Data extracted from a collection
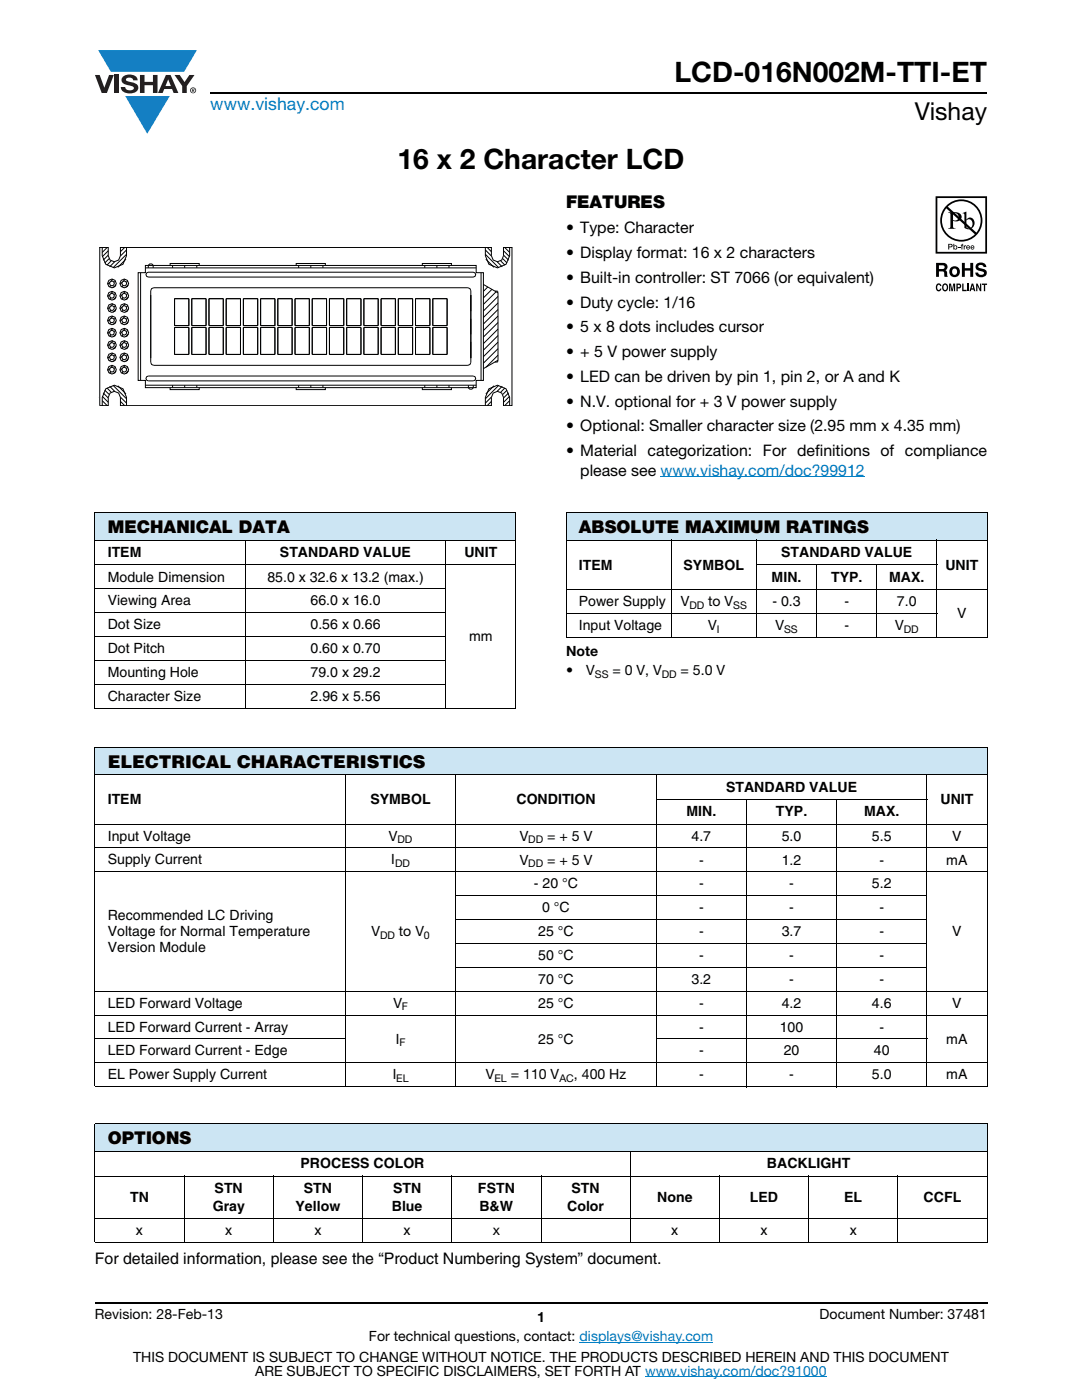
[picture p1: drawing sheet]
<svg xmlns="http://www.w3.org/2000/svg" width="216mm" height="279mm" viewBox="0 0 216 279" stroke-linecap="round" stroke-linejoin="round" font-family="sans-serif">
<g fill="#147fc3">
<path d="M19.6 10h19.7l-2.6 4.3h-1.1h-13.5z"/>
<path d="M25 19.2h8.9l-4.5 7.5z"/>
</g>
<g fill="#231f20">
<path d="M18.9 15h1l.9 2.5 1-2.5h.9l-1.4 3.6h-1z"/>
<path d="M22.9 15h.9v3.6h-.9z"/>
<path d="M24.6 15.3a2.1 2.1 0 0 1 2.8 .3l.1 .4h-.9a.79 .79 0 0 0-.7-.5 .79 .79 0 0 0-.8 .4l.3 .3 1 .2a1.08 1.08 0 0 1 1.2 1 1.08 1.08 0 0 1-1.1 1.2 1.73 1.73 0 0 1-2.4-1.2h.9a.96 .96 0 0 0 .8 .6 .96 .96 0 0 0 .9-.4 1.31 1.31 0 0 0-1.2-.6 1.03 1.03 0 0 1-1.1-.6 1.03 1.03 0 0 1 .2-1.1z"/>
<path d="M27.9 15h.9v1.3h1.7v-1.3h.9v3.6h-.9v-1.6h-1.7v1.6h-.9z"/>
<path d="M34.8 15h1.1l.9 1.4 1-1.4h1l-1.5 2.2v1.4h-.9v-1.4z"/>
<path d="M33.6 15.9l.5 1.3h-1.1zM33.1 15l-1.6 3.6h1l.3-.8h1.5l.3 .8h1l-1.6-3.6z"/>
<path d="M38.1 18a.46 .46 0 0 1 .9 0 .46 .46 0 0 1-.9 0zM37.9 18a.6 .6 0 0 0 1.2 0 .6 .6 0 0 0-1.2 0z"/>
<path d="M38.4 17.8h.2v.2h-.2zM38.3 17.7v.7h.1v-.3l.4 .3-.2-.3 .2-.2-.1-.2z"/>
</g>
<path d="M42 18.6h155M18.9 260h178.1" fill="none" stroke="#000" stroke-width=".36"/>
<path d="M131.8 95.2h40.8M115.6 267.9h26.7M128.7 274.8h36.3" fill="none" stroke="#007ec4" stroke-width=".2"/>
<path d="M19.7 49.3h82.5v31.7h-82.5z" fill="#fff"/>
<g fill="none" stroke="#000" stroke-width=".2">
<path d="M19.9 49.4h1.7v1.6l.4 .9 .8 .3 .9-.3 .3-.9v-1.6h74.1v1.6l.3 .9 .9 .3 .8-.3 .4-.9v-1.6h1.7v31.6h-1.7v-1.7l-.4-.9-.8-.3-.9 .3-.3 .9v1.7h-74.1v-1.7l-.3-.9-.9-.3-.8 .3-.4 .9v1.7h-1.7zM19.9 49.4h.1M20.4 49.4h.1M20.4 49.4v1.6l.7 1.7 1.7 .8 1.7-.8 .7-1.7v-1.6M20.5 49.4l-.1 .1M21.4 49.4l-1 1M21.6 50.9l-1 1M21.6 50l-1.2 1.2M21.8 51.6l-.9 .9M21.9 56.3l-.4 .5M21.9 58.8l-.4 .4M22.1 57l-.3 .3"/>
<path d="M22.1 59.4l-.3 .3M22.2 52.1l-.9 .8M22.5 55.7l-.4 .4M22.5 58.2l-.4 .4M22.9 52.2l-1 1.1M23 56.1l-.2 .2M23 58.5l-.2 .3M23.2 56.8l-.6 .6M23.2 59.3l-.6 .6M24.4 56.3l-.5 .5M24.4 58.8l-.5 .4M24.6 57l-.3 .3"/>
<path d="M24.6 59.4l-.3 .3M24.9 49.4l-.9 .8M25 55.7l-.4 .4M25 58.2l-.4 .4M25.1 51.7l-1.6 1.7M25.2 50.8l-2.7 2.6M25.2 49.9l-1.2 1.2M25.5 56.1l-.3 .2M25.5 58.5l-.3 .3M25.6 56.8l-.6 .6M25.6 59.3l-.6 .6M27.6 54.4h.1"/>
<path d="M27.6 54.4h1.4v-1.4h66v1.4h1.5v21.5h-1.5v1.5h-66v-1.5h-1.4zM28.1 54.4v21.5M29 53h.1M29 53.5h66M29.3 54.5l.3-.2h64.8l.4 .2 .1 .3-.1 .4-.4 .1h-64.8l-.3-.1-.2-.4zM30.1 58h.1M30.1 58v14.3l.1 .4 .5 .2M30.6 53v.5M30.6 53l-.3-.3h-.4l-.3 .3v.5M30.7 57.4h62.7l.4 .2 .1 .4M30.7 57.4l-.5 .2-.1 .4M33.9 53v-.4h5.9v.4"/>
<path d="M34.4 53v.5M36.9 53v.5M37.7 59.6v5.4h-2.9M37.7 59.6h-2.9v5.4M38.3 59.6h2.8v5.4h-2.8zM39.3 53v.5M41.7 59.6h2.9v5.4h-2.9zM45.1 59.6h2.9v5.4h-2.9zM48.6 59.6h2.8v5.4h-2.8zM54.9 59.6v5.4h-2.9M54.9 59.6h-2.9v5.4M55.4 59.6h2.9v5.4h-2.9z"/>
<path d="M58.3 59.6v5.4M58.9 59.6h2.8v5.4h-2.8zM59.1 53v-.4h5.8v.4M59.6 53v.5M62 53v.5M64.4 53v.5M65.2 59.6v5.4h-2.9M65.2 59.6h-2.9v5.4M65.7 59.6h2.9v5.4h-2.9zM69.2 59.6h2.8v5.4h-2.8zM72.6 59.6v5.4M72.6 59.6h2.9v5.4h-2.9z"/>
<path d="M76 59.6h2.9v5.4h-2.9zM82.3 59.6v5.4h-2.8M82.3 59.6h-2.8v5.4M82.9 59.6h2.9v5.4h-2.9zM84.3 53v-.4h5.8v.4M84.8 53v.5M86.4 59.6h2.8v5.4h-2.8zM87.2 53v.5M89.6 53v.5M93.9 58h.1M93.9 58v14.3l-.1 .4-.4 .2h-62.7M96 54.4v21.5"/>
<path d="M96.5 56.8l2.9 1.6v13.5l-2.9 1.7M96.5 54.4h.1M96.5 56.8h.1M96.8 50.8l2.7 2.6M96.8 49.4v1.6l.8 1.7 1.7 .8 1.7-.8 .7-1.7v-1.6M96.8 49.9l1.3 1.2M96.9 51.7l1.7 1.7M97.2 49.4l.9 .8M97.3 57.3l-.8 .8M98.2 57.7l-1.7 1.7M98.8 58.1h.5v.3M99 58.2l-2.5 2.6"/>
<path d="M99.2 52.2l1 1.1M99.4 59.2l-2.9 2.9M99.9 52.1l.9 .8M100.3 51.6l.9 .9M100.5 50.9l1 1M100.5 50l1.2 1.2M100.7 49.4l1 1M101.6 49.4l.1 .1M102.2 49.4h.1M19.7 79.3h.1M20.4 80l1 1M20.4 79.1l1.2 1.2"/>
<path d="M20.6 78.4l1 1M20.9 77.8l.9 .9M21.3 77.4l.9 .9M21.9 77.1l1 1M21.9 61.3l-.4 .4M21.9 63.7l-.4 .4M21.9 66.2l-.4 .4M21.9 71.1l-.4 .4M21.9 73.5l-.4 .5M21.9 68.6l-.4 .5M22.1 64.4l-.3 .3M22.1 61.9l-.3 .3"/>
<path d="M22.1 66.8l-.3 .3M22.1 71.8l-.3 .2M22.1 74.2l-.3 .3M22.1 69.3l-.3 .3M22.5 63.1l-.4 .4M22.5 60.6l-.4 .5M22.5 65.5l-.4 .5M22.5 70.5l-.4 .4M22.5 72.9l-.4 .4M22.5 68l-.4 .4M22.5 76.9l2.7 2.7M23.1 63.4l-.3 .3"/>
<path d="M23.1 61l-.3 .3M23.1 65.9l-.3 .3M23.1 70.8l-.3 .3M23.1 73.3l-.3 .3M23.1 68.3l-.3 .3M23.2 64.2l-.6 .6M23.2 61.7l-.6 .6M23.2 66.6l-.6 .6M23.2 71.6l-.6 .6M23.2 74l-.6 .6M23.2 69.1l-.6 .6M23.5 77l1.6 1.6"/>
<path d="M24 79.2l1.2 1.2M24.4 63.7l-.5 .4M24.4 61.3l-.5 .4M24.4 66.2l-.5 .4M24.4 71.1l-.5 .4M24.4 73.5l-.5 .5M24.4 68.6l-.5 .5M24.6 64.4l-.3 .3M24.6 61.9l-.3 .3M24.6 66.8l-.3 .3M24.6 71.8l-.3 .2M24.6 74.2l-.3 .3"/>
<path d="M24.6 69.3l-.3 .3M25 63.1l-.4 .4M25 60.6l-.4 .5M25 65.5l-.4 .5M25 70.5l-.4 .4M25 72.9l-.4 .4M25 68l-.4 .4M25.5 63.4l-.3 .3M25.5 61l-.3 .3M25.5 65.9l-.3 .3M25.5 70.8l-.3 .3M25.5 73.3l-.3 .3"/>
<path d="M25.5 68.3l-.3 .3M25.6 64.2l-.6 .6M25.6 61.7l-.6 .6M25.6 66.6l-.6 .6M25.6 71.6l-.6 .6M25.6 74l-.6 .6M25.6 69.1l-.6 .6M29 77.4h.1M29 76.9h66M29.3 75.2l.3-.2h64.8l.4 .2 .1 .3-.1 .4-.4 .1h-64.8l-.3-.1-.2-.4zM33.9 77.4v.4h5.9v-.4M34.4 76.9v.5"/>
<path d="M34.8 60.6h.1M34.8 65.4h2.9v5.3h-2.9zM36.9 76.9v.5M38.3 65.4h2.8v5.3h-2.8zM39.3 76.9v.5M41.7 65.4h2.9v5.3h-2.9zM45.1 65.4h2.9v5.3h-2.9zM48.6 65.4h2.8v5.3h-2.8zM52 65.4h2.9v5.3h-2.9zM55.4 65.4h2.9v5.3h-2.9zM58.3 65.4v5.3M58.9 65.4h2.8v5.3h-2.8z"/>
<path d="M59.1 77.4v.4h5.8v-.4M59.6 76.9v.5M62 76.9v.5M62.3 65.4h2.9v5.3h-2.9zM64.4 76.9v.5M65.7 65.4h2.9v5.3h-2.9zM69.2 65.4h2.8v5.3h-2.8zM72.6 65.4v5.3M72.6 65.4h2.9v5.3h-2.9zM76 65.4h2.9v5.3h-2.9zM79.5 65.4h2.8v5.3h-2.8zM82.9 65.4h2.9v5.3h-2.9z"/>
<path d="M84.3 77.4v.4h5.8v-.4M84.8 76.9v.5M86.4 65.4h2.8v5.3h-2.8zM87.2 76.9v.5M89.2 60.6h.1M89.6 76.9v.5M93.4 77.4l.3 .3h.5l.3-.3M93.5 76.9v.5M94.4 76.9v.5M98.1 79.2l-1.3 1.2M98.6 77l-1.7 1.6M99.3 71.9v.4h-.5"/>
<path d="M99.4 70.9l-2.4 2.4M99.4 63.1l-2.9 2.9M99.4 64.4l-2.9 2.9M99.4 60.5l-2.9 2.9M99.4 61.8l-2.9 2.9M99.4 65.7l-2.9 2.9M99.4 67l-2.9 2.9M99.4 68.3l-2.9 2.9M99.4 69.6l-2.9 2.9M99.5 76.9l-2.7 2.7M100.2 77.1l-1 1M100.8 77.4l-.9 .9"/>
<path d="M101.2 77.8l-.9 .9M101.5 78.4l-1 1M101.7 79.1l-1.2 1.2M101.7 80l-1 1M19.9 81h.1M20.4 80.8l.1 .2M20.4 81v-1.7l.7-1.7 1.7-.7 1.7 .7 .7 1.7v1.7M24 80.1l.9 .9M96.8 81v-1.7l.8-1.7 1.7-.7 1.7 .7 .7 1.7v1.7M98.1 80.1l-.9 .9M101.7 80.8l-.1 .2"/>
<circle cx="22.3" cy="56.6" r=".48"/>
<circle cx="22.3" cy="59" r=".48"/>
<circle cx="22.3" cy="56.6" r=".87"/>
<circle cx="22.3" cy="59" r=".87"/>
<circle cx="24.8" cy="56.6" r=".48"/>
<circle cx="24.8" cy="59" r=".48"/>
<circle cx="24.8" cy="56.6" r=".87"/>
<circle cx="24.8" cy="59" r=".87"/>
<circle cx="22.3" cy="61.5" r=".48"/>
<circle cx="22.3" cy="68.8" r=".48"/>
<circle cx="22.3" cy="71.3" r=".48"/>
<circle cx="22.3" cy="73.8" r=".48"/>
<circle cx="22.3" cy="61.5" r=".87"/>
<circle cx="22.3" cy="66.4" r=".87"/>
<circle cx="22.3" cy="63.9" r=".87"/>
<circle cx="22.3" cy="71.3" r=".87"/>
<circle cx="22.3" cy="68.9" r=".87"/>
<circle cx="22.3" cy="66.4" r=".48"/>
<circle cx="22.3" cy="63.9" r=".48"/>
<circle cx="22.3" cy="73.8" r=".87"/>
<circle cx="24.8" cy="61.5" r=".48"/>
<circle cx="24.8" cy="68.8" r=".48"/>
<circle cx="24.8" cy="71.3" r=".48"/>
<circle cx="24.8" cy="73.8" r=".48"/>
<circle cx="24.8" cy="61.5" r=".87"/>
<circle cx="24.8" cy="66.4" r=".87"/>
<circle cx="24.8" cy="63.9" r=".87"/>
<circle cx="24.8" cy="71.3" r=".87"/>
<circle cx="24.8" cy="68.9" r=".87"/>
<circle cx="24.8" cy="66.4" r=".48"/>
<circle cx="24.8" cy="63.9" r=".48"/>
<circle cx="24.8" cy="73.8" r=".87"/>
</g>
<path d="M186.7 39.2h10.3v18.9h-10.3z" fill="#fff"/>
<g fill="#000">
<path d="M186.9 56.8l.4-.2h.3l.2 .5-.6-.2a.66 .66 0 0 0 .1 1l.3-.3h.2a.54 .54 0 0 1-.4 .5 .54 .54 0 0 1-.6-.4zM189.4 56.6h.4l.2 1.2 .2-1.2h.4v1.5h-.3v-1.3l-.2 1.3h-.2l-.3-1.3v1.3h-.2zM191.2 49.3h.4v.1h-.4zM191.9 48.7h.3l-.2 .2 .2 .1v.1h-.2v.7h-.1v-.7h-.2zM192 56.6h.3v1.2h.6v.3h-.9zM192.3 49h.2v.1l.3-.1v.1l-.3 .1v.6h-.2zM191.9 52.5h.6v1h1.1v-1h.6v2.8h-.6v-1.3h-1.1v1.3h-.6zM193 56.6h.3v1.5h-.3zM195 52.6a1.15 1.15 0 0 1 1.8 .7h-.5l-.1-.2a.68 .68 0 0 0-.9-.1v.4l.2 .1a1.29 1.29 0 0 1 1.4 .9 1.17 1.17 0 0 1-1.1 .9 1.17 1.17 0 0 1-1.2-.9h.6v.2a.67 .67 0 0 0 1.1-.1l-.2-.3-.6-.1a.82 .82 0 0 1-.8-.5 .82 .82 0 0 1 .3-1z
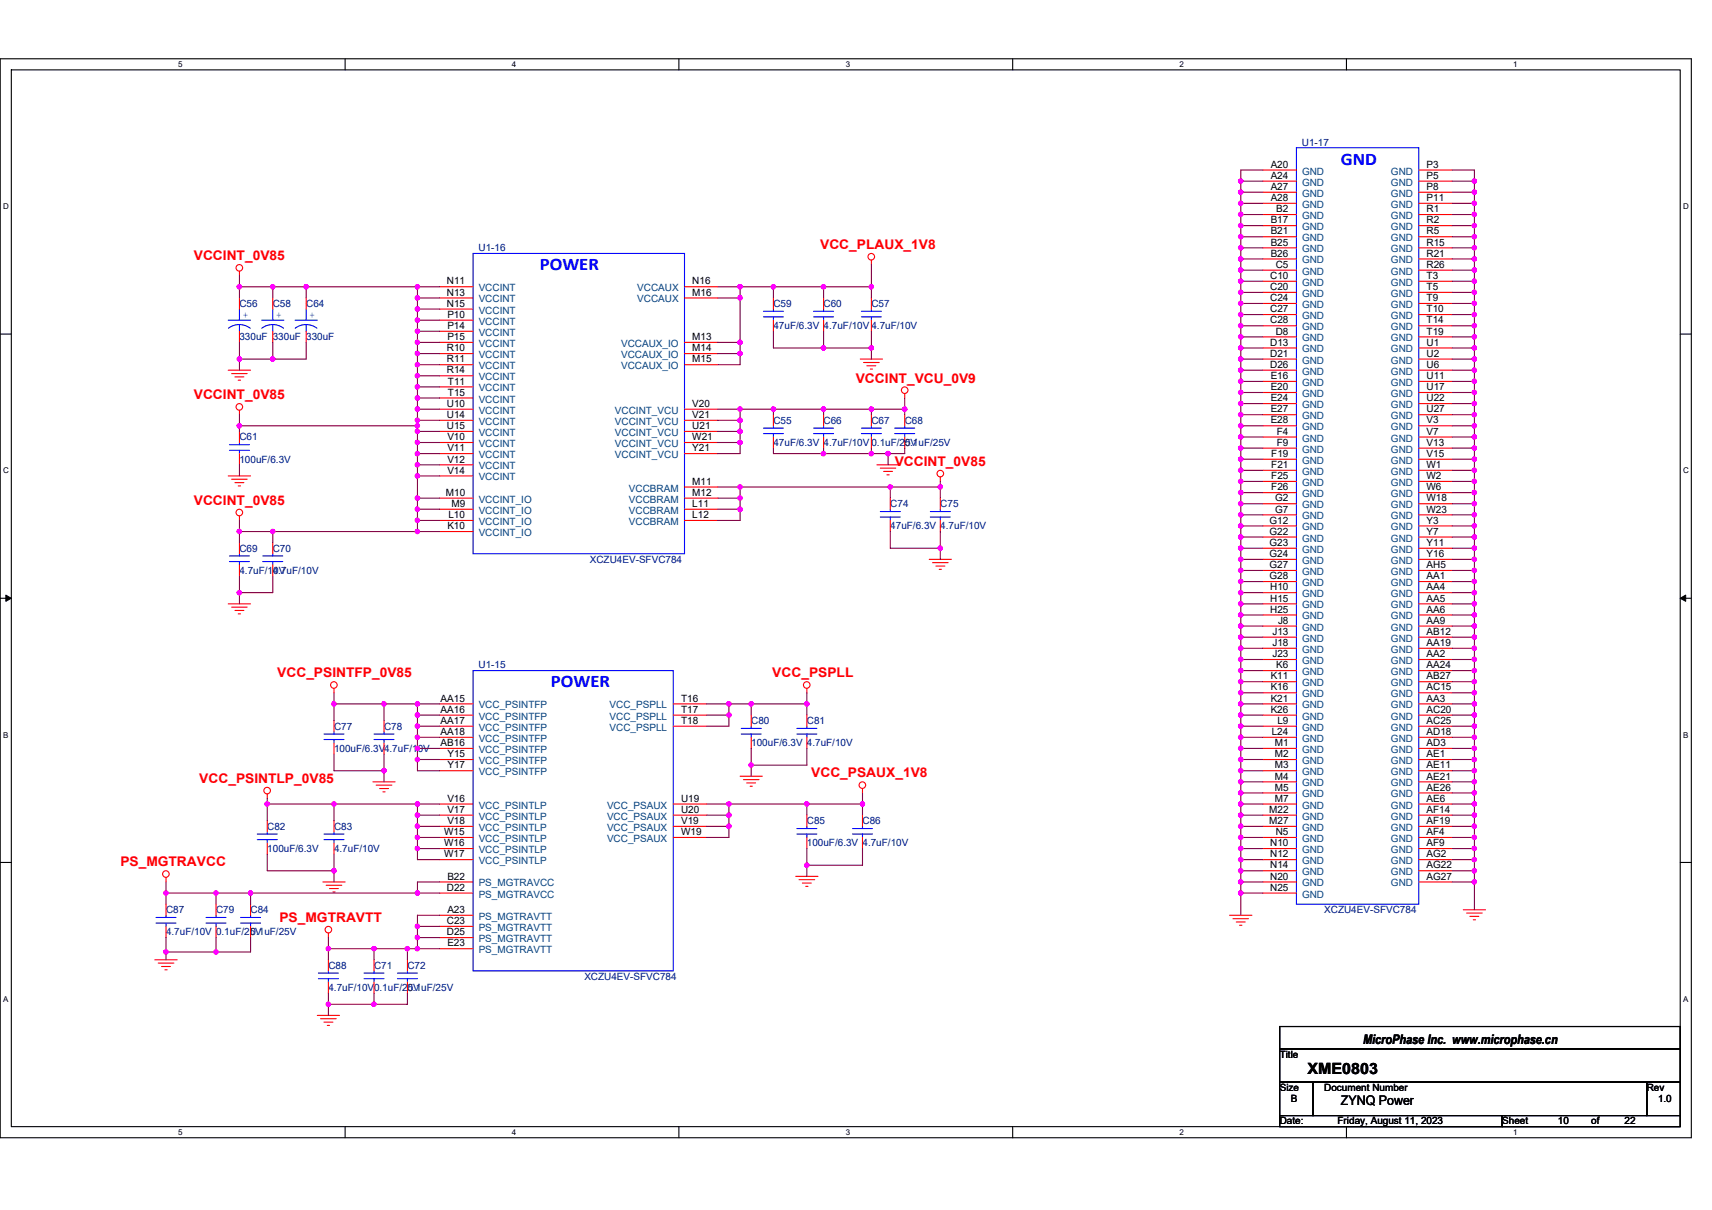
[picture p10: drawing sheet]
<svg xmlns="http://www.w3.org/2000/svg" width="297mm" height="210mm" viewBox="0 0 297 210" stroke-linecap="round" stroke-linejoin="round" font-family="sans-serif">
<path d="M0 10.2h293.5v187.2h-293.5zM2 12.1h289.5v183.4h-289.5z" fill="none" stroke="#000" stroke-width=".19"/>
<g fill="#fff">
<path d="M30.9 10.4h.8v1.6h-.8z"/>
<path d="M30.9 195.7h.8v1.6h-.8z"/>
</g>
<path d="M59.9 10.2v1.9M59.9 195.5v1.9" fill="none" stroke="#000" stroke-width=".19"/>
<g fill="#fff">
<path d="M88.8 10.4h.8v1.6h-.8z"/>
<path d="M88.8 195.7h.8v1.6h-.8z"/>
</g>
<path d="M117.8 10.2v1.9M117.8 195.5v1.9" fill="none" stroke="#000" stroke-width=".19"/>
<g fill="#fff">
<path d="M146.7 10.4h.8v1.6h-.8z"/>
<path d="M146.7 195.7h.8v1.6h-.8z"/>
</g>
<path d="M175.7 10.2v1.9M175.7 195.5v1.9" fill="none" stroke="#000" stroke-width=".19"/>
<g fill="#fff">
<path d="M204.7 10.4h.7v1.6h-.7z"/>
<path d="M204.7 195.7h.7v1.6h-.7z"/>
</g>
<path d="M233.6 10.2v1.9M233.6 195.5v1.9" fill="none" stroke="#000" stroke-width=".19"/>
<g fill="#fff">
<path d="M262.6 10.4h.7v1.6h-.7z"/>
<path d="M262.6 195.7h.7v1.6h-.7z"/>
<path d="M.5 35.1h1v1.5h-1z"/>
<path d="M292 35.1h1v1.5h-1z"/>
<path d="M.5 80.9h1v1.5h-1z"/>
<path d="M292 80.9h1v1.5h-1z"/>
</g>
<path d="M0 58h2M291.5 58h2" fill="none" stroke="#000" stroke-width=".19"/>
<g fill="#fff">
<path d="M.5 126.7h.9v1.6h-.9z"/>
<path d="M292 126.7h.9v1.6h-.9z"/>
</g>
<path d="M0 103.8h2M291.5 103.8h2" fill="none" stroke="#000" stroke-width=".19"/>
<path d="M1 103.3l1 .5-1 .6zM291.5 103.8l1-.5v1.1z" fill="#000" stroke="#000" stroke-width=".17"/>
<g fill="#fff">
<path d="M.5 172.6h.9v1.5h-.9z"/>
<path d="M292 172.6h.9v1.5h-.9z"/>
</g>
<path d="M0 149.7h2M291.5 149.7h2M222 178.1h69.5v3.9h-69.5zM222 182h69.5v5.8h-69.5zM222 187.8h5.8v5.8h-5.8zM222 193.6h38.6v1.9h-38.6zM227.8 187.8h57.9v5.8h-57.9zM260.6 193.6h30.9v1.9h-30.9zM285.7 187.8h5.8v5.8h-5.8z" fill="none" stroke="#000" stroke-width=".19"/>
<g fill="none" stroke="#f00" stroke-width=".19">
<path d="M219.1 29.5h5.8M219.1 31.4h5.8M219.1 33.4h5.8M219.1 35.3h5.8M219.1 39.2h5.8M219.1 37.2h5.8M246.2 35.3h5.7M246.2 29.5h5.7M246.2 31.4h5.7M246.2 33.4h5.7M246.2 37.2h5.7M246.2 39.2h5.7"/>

• **PROBLEM TO WORK ON**
Write out exactly the lines above between the line with "78.4l1 1M20.9 77.8l.9" and the line with "61l-.3 .3M23.1 65.9l-.3", inclusive, and nothing beyond them.

• **RESULT OF THIS TASK**
<path d="M20.6 78.4l1 1M20.9 77.8l.9 .9M21.3 77.4l.9 .9M21.9 77.1l1 1M21.9 61.3l-.4 .4M21.9 63.7l-.4 .4M21.9 66.2l-.4 .4M21.9 71.1l-.4 .4M21.9 73.5l-.4 .5M21.9 68.6l-.4 .5M22.1 64.4l-.3 .3M22.1 61.9l-.3 .3"/>
<path d="M22.1 66.8l-.3 .3M22.1 71.8l-.3 .2M22.1 74.2l-.3 .3M22.1 69.3l-.3 .3M22.5 63.1l-.4 .4M22.5 60.6l-.4 .5M22.5 65.5l-.4 .5M22.5 70.5l-.4 .4M22.5 72.9l-.4 .4M22.5 68l-.4 .4M22.5 76.9l2.7 2.7M23.1 63.4l-.3 .3"/>
<path d="M23.1 61l-.3 .3M23.1 65.9l-.3 .3M23.1 70.8l-.3 .3M23.1 73.3l-.3 .3M23.1 68.3l-.3 .3M23.2 64.2l-.6 .6M23.2 61.7l-.6 .6M23.2 66.6l-.6 .6M23.2 71.6l-.6 .6M23.2 74l-.6 .6M23.2 69.1l-.6 .6M23.5 77l1.6 1.6"/>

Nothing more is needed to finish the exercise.